Avoir un médecin..dans ses relations

Nous entretenons, avec la médecine, les médecins et la santé au sens le plus large, de bien curieuses relations.
Nous dépensons, pour nous soigner, plus que pour nous nourrir, nous loger ou même entretenir notre si chère voiture (si, si, même les hommes.). Or, la relation que nous entretenons avec notre santé est presque assimilable à la relation que nous entretiendrions avec des sciences occultes. Il y a des modes, des tonnes de papiers, dans la presse grand public, sur lesquels on se jette comme on dévorerait un horoscope, des sujets prêtant à polémique. Il y a des pour, il y a des contre. Pas pour ou contre le fait d'avoir la santé, non, mais pour ou contre la technique employée pour y parvenir. Pour ou contre l'accouchement par voie basse, pour ou contre l'allaitement, pour ou contre la vaccination contre la grippe ou l'hépatite, pour ou contre l'homéopathie, pour ou contre l'ostéopathie, la réflexothérapie, la phytothérapie et j'en passe. Et quelle que soit la catégorie dans laquelle on se trouve, on se croit obligés de militer. D'être pour. D'être contre. De croire. De ne pas croire.

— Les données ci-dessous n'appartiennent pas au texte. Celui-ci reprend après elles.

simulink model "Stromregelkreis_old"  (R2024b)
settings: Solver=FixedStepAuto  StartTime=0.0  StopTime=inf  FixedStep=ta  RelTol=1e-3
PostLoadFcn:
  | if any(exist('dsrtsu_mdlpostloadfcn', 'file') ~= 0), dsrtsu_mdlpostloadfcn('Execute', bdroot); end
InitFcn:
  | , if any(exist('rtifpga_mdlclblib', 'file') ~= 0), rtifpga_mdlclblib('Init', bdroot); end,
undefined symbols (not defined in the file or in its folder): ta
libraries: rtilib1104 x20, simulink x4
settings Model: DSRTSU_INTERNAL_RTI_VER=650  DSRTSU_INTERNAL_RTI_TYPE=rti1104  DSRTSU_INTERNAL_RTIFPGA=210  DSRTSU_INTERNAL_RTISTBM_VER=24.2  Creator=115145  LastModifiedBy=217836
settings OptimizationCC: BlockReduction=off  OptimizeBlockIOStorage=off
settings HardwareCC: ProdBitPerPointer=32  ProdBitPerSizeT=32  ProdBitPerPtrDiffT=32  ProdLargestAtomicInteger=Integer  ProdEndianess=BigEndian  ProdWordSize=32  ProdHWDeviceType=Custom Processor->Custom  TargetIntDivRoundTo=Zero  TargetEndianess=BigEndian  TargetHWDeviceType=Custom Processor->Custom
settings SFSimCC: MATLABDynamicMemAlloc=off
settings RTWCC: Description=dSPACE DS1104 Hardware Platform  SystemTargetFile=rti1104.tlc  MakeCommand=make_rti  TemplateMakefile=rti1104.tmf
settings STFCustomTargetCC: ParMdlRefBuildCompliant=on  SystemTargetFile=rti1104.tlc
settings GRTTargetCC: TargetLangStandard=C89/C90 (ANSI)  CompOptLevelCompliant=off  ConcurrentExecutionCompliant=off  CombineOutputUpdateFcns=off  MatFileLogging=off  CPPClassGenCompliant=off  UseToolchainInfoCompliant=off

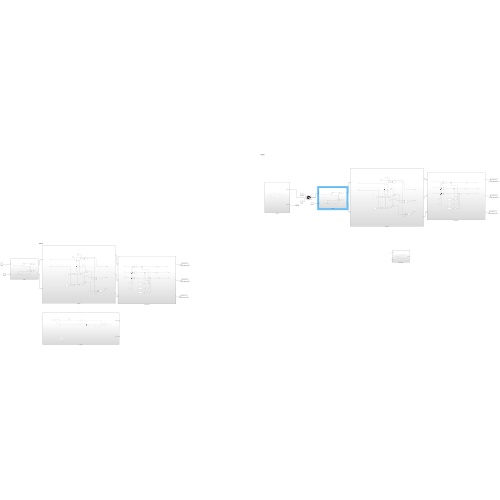
[thumbnail: Simulink's stored preview of the top-level diagram]
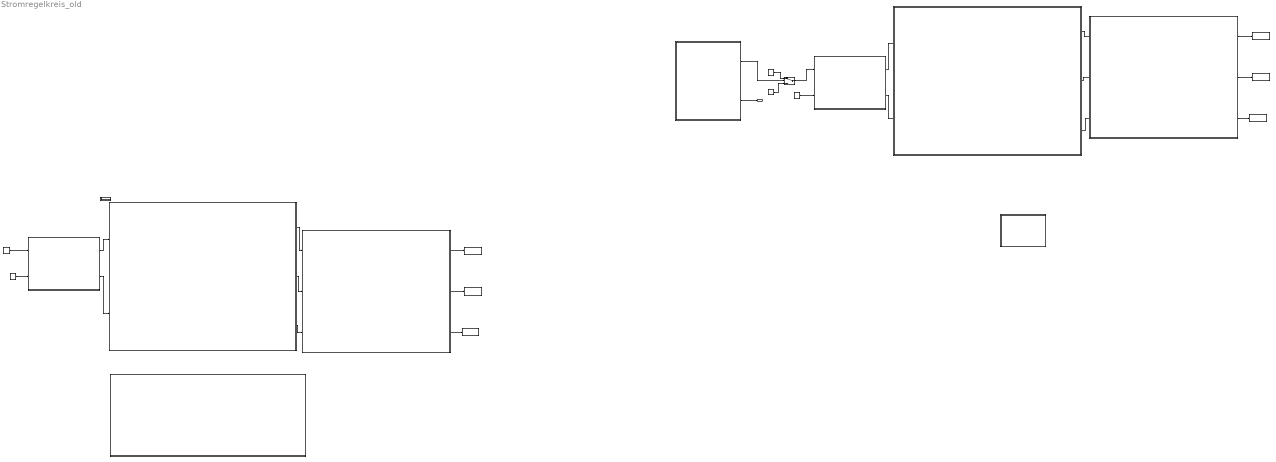
== system Stromregelkreis_old ==
  DS1104SL_DSP_BIT_OUT_C1 : rtilib1104/DS1104 SLAVE DSP/DS1104SL_DSP_BIT_OUT_C0  ChannelNo=1  InitValue=0  TermMode=0  TermValue=0  Reserved1=[]  Reserved2=[]  Reserved3=[]  Reserved=[]  DialogFcn=gui1104sl_dsp_bit_out  UnitName={'DS1104SL_DSP_BIT_OUT_C'}  UnitValues={1}  DSProperties=struct('RTI',struct('Version',uint32(1),'BlockType',struct('isSLSource',uint8(0),'isSLSink',uint8(1),'isHWSource',uint8(0),'isHWSink',uint8(1),'isSetup',uint8(0),'isInline',uint8(1),'isNonInline',uint8(0),'isInterrupt',uint8(0),'isChannelwise',uint8(1)),'IOBoardType','DS1104SLAVE','UnitType','BIT','Identifier','BITOUTCH','DialogType','ML','BlockSet','NONE','SlaveProcessor','F240'))
      settings: SourceProductName=dSPACE RTI1104
  DS1104SL_DSP_BIT_OUT_C2 : rtilib1104/DS1104 SLAVE DSP/DS1104SL_DSP_BIT_OUT_C0  ChannelNo=2  InitValue=0  TermMode=0  TermValue=0  Reserved1=[]  Reserved2=[]  Reserved3=[]  Reserved=[]  DialogFcn=gui1104sl_dsp_bit_out  UnitName={'DS1104SL_DSP_BIT_OUT_C'}  UnitValues={2}  DSProperties=struct('RTI',struct('Version',uint32(1),'BlockType',struct('isSLSource',uint8(0),'isSLSink',uint8(1),'isHWSource',uint8(0),'isHWSink',uint8(1),'isSetup',uint8(0),'isInline',uint8(1),'isNonInline',uint8(0),'isInterrupt',uint8(0),'isChannelwise',uint8(1)),'IOBoardType','DS1104SLAVE','UnitType','BIT','Identifier','BITOUTCH','DialogType','ML','BlockSet','NONE','SlaveProcessor','F240'))
      settings: SourceProductName=dSPACE RTI1104
  DS1104SL_DSP_BIT_OUT_C3 : rtilib1104/DS1104 SLAVE DSP/DS1104SL_DSP_BIT_OUT_C0  ChannelNo=3  InitValue=0  TermMode=0  TermValue=0  Reserved1=[]  Reserved2=[]  Reserved3=[]  Reserved=[]  DialogFcn=gui1104sl_dsp_bit_out  UnitName={'DS1104SL_DSP_BIT_OUT_C'}  UnitValues={ 3 }  DSProperties=struct('RTI',struct('Version',uint32(1),'BlockType',struct('isSLSource',uint8(0),'isSLSink',uint8(1),'isHWSource',uint8(0),'isHWSink',uint8(1),'isSetup',uint8(0),'isInline',uint8(1),'isNonInline',uint8(0),'isInterrupt',uint8(0),'isChannelwise',uint8(1)),'IOBoardType','DS1104SLAVE','UnitType','BIT','Identifier','BITOUTCH','DialogType','ML','BlockSet','NONE','SlaveProcessor','F240'))
      settings: SourceProductName=dSPACE RTI1104
  DS1104SL_DSP_BIT_OUT_C4 : rtilib1104/DS1104 SLAVE DSP/DS1104SL_DSP_BIT_OUT_C0  ChannelNo=4  InitValue=0  TermMode=0  TermValue=0  Reserved1=[]  Reserved2=[]  Reserved3=[]  Reserved=[]  DialogFcn=gui1104sl_dsp_bit_out  UnitName={'DS1104SL_DSP_BIT_OUT_C'}  UnitValues={ 4 }  DSProperties=struct('RTI',struct('Version',uint32(1),'BlockType',struct('isSLSource',uint8(0),'isSLSink',uint8(1),'isHWSource',uint8(0),'isHWSink',uint8(1),'isSetup',uint8(0),'isInline',uint8(1),'isNonInline',uint8(0),'isInterrupt',uint8(0),'isChannelwise',uint8(1)),'IOBoardType','DS1104SLAVE','UnitType','BIT','Identifier','BITOUTCH','DialogType','ML','BlockSet','NONE','SlaveProcessor','F240'))
      settings: SourceProductName=dSPACE RTI1104
  DS1104SL_DSP_BIT_OUT_C5 : rtilib1104/DS1104 SLAVE DSP/DS1104SL_DSP_BIT_OUT_C0  ChannelNo=5  InitValue=0  TermMode=0  TermValue=0  Reserved1=[]  Reserved2=[]  Reserved3=[]  Reserved=[]  DialogFcn=gui1104sl_dsp_bit_out  UnitName={'DS1104SL_DSP_BIT_OUT_C'}  UnitValues={ 5 }  DSProperties=struct('RTI',struct('Version',uint32(1),'BlockType',struct('isSLSource',uint8(0),'isSLSink',uint8(1),'isHWSource',uint8(0),'isHWSink',uint8(1),'isSetup',uint8(0),'isInline',uint8(1),'isNonInline',uint8(0),'isInterrupt',uint8(0),'isChannelwise',uint8(1)),'IOBoardType','DS1104SLAVE','UnitType','BIT','Identifier','BITOUTCH','DialogType','ML','BlockSet','NONE','SlaveProcessor','F240'))
      settings: SourceProductName=dSPACE RTI1104
  DS1104SL_DSP_BIT_OUT_C6 : rtilib1104/DS1104 SLAVE DSP/DS1104SL_DSP_BIT_OUT_C0  ChannelNo=6  InitValue=0  TermMode=0  TermValue=0  Reserved1=[]  Reserved2=[]  Reserved3=[]  Reserved=[]  DialogFcn=gui1104sl_dsp_bit_out  UnitName={'DS1104SL_DSP_BIT_OUT_C'}  UnitValues={6}  DSProperties=struct('RTI',struct('Version',uint32(1),'BlockType',struct('isSLSource',uint8(0),'isSLSink',uint8(1),'isHWSource',uint8(0),'isHWSink',uint8(1),'isSetup',uint8(0),'isInline',uint8(1),'isNonInline',uint8(0),'isInterrupt',uint8(0),'isChannelwise',uint8(1)),'IOBoardType','DS1104SLAVE','UnitType','BIT','Identifier','BITOUTCH','DialogType','ML','BlockSet','NONE','SlaveProcessor','F240'))
      settings: SourceProductName=dSPACE RTI1104
  Iq_soll : Constant  Value=0
  RTI Data : Subsystem  Tag=struct('RTIDataServer',struct('RTIDataServerVs','2','RTIModelDescription','struct(''main'',''Stromregelkreis_old'',''sub'',''Stromregelkreis_old'',''isMp'',0)'))  LoadFcn="if exist('rtidc'), try,  rtidc('DataHostBlockClbLoad', gcbh); catch, disp(['Warning: ''LoadFcn'' for RTI Data block failed: ' lasterr]); end, end,"  mask(RTI_DATA_HOST){}
      mask help:
      | RTI Data Block.
      | This block is used by RTI to store internal model-dependent data.
      | Please keep this block on the root level of the model. Deleting this block will result in data loss.
      |
      | NEVER DELETE OR COPY THIS BLOCK!
      settings: CopyFcn="if exist('rtidc'), try,  rtidc('DataHostBlockClbCopy', gcbh); catch, disp(['Warning: ''CopyFcn'' for RTI Data block failed: ' lasterr]); end, end,"  DeleteFcn="if exist('rtidc'), try,  rtidc('DataHostBlockClbDelete', gcbh); catch, disp(['Warning: ''DeleteFcn'' for RTI Data block failed: ' lasterr]); end, end,"  ModelCloseFcn="if exist('rtidc'), try,  rtidc('DataHostBlockClbModelClose', gcbh); catch, disp(['Warning: ''ModelCloseFcn'' for RTI Data block failed: ' lasterr]); end, end,"  PreSaveFcn="if exist('rtidc'), try,  rtidc('DataHostBlockClbPreSave', gcbh); catch, disp(['Warning: ''PreSaveFcn'' for RTI Data block failed: ' lasterr]); end, end,"  PostSaveFcn="if exist('rtidc'), try,  rtidc('DataHostBlockClbPostSave', gcbh); catch, disp(['Warning: ''PostSaveFcn'' for RTI Data block failed: ' lasterr]); end, end,"  NameChangeFcn="if exist('rtidc'), try,  rtidc('DataHostBlockClbNameChange', gcbh); catch, disp(['Warning: ''NameChangeFcn'' for RTI Data block failed: ' lasterr]); end, end,"
      mask Help:
      | RTI Data Block.
      | This block is used by RTI to store internal model-dependent data.
      | Please keep this block on the root level of the model. Deleting this block will result in data loss.
      | 
      | NEVER DELETE OR COPY THIS BLOCK!
      mask Display:
      | text(0.5, 0.5, 'RTI Data', 'HorizontalAlignment', 'center');
      | plot([1 0]);
  Ramp : simulink/Sources/Ramp  slope=6*pi  start=0  InitialOutput=0
  Ramp1 : simulink/Sources/Ramp  slope=6*pi  start=0  InitialOutput=0
  Stromregelung : Subsystem
  Stromregelung1 : Subsystem
  dq>ab : Subsystem
  dq>ab1 : Subsystem
  drehzahlregler1 : Subsystem
  encoder : Subsystem
  encoder1 : Subsystem
  iq_soll : Constant  Value=0
  iq_soll_enable_sw : Switch  SaturateOnIntegerOverflow=off  InputSameDT=off
  iq_soll_safe : Constant  Value=0
  lageregler : Subsystem
  lageregler1 : Subsystem
  Ist_Drehzahl : Outport
  wires:
  Stromregelung/1(Out1) -> DS1104SL_DSP_BIT_OUT_C3/1
  Stromregelung/2(Out2) -> DS1104SL_DSP_BIT_OUT_C4/1
  Stromregelung/3(Out3) -> DS1104SL_DSP_BIT_OUT_C5/1
  Iq_soll/1 -> dq>ab/1(In1)
  Ramp/1 -> dq>ab/2(In2)
  dq>ab/1(Out1) -> lageregler/1(In2)
  dq>ab/2(Out2) -> lageregler/2(In3)
  lageregler/1(Out1) -> Stromregelung/1(In1)
  lageregler/2(Out2) -> Stromregelung/2(In2)
  lageregler/3(Out3) -> Stromregelung/3(In3)
  encoder1/2(Ist_Drehzahl) -> Ist_Drehzahl/1
  iq_soll/1 -> iq_soll_enable_sw/3
  Stromregelung1/2(Out2) -> DS1104SL_DSP_BIT_OUT_C2/1
  encoder1/1(gamma_ref) -> iq_soll_enable_sw/2
  iq_soll_enable_sw/1 -> dq>ab1/1(In1)  "iq_soll_final"
  lageregler1/2(Out2) -> Stromregelung1/2(In2)
  iq_soll_safe/1 -> iq_soll_enable_sw/1
  lageregler1/1(Out1) -> Stromregelung1/1(In1)
  Stromregelung1/1(Out1) -> DS1104SL_DSP_BIT_OUT_C1/1
  lageregler1/3(Out3) -> Stromregelung1/3(In3)
  dq>ab1/2(Out2) -> lageregler1/2(In3)
  Stromregelung1/3(Out3) -> DS1104SL_DSP_BIT_OUT_C6/1
  dq>ab1/1(Out1) -> lageregler1/1(In2)
  Ramp1/1 -> dq>ab1/2(In2)

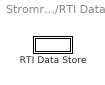
== system Stromregelkreis_old/RTI Data ==
  RTI Data Store : Subsystem  Tag="struct('private',struct('version',struct('dsVer',uint32(2),'dsVerCreation',uint32(2),'RTI',struct('ver','24.2','type','RTI1104')),'access',struct('type','Model','isPerm',1,'created',['13-Jan-2026 19:21:42'],'location','')),'public',struct('main',struct('data',[]),'sub',struct('name',{{'Stromregelkreis_old'}},'data',{{struct('TH',struct('thTaskInfo',struct('taskType',{'TIMER','HWINT','TMRINT','SWINT','GLINT'},'tasksNumOf',{1,0,0,0,0},'srcIds',{{'TIMERA'},{},{},{},{}},'taskNames',{{['Timer Task 1']},{},{},{},{}})),'th_tc',struct('dataType','TASK','taskGroupId','','taskGroupList',{{}},'taskSchedulingPolicy','FCFS','taskType','TIMER','blkh',-1,'srcId','TIMERA','srcSgnName',['Timer A interrupt'],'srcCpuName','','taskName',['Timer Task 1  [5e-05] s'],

Pour tout dire, j'ignore dans quelle catégorie je me place vis à vis de la santé. Certaines techniques ne me semblent pas très éprouvées scientifiquement mais, Dieu merci, nous sommes bien souvent en meilleure santé que nous ne le pensons et la technique n'est, dans bien des cas, là que pour nous rassurer et nous donner le coup de pouce qui accompagne une guérison naturelle qui serait survenue de toutes façons. D'ailleurs, et bien qu'aucune preuve formelle n'ait jamais été apportée sur son efficacité par aucune équipe scientifique de par le monde, je pratique de façon quasi quotidienne la soufflothérapie avec d'excellents résultats et je n'ai, à ce jour, rencontré aucun effet secondaire. Je ne suis «contre» ni le sucre en poudre, ni le sucre en morceaux, ni les tisanes, ni le mélange de tout ça bien. D'ailleurs, Socrate n'a-t-il pas apporté la preuve formelle de l'efficacité antalgique majeure de la phytothérapie ainsi que de sa parfaite efficacité dans la lutte contre la dépression et dans la prévention des maladies infectieuses et cardiovasculaires ? Cela dit, si, comme toutes les mamans le savent, je sais que souffler sur un bobo marche parfaitement, je n'ai aucun complexe à utiliser des antalgiques plus efficaces que la seule imposition des mains face à une douleur plus importante.
Sincèrement, c'est plus un problème linguistique qu'un problème scientifique ou de croyance qui fait que je n'ai jamais consulté d'ostéopathe. Mais simplement, le pathe, c'est le malade. Le psychothérapeute, c'est le médecin, le psychopathe, c'est le malade. La cardiopathie, c'est la maladie, le cardiologue, c'est le thérapeute. Voilà. C'est tout à fait irrationnel, je sais. Mais je l'ai dit dès le début.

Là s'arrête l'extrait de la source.